### TASK DESCRIPTION
Would you please output, word for word, the span of the listing below that opens on the line containing "# Drawn here: x" and closes on the line containing "layer by layer"? Include both ends and nothing more.

### INPUT DATA
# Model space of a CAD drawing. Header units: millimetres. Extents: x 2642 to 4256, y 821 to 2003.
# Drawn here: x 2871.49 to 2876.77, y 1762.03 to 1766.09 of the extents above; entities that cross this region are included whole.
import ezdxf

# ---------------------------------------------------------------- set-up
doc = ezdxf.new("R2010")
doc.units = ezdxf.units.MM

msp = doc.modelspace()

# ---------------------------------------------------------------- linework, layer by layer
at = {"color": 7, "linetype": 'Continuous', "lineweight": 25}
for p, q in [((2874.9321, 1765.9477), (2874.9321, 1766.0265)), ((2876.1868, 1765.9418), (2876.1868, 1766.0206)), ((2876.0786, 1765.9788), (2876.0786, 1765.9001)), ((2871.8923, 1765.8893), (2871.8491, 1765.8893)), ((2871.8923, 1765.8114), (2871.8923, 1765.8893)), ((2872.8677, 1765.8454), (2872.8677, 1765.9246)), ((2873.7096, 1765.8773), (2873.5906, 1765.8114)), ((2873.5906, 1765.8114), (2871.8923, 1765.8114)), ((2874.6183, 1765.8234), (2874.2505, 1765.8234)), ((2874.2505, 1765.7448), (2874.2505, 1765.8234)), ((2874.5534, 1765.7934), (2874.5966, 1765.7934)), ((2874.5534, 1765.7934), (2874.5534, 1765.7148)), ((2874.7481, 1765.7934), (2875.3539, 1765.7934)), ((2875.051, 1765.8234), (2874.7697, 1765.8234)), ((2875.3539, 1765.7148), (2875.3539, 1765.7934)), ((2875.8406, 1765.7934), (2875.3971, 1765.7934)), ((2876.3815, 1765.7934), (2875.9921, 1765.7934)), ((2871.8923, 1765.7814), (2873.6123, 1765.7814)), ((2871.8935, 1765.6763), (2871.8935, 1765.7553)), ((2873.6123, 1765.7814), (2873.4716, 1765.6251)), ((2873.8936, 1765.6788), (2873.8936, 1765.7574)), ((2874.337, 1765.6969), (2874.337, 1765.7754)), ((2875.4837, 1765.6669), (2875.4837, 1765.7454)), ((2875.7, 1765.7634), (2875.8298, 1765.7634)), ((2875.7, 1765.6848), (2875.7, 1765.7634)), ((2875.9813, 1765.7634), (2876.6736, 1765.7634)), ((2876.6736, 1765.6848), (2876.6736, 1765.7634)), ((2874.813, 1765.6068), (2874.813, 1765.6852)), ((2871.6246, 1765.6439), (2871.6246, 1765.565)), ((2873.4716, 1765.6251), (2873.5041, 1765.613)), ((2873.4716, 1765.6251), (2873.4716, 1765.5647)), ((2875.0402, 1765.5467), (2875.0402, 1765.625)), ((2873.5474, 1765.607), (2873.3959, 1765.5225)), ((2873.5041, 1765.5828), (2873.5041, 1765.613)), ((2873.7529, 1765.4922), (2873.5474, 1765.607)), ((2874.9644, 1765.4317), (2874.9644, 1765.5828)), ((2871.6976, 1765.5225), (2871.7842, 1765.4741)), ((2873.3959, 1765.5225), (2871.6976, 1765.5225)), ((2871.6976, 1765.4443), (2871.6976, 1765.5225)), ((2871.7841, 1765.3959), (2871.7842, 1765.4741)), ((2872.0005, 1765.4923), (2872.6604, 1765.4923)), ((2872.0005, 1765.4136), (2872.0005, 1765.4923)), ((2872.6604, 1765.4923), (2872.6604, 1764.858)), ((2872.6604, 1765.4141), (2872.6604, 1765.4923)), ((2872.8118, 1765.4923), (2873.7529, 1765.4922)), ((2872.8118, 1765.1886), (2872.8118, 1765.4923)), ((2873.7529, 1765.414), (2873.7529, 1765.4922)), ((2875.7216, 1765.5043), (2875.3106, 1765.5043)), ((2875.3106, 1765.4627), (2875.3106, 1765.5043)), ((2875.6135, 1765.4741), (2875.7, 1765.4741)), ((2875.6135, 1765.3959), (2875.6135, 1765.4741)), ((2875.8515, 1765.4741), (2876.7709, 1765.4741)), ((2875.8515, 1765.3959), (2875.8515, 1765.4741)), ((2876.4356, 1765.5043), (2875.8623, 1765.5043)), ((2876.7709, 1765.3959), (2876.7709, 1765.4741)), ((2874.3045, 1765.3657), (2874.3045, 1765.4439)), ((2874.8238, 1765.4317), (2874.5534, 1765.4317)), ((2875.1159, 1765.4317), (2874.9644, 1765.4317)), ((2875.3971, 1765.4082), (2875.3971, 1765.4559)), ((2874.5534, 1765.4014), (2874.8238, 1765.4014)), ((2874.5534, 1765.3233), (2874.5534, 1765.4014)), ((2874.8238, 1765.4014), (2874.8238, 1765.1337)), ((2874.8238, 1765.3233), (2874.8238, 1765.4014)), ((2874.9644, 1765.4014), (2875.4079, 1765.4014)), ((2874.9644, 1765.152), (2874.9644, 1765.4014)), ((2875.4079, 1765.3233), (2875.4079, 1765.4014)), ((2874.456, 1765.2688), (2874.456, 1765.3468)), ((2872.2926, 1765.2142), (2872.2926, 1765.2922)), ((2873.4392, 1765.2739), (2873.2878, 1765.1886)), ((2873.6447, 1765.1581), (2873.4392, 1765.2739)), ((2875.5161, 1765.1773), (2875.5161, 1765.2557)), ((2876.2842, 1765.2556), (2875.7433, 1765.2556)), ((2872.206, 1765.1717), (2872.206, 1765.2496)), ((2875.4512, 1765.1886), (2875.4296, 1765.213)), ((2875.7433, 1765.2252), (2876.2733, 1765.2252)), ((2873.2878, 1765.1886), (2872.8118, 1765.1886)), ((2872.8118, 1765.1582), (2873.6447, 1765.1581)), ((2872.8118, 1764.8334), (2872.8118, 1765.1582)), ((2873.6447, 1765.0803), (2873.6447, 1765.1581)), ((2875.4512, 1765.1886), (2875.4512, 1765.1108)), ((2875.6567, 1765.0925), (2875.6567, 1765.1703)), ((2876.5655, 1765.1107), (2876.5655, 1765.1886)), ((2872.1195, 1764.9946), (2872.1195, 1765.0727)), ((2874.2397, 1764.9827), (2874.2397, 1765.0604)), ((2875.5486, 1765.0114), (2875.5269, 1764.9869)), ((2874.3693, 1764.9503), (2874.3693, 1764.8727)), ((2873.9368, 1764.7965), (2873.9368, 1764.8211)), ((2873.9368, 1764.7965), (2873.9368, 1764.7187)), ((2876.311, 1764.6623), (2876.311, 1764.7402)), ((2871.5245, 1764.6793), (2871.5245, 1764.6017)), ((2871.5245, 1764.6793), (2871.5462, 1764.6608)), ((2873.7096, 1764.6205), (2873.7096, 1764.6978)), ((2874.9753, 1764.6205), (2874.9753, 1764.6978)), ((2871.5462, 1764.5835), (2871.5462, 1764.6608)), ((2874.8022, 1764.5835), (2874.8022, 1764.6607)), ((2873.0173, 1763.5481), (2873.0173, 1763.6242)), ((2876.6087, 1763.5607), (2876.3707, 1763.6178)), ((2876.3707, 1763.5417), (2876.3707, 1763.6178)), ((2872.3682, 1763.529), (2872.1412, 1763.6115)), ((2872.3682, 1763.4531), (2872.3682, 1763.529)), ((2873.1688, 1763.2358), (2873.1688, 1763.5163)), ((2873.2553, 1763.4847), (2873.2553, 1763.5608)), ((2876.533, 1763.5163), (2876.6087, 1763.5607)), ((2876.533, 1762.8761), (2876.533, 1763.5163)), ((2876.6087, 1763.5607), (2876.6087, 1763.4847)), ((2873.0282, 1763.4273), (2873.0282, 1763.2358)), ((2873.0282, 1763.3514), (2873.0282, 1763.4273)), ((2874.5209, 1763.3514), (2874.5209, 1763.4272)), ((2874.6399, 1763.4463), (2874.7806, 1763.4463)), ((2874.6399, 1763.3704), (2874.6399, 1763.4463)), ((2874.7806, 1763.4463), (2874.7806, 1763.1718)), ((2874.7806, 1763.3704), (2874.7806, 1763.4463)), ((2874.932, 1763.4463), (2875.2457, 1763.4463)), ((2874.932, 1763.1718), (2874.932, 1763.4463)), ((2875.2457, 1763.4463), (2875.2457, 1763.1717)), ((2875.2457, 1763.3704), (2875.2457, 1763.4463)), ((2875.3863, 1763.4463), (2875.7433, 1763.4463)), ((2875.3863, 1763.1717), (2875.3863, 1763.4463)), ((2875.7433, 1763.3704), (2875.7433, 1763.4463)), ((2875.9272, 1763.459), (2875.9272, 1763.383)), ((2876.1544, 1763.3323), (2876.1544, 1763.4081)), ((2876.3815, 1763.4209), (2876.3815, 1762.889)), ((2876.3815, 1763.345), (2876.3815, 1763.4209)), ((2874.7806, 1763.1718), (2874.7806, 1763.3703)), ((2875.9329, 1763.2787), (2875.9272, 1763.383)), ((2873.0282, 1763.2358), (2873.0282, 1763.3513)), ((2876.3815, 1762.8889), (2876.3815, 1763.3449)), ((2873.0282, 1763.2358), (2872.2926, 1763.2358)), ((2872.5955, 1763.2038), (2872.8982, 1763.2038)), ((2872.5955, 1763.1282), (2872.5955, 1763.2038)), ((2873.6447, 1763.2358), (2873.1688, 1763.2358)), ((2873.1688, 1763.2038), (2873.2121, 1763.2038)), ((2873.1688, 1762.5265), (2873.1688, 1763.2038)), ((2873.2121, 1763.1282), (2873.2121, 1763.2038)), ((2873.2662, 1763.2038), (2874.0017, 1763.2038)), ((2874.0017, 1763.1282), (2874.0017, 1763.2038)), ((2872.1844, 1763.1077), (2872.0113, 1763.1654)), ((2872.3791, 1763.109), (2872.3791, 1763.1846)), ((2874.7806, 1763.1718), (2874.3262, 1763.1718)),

### YOUR RESPONSE
# Drawn here: x 2871.49 to 2876.77, y 1762.03 to 1766.09 of the extents above; entities that cross this region are included whole.
import ezdxf

# ---------------------------------------------------------------- set-up
doc = ezdxf.new("R2010")
doc.units = ezdxf.units.MM

msp = doc.modelspace()

# ---------------------------------------------------------------- linework, layer by layer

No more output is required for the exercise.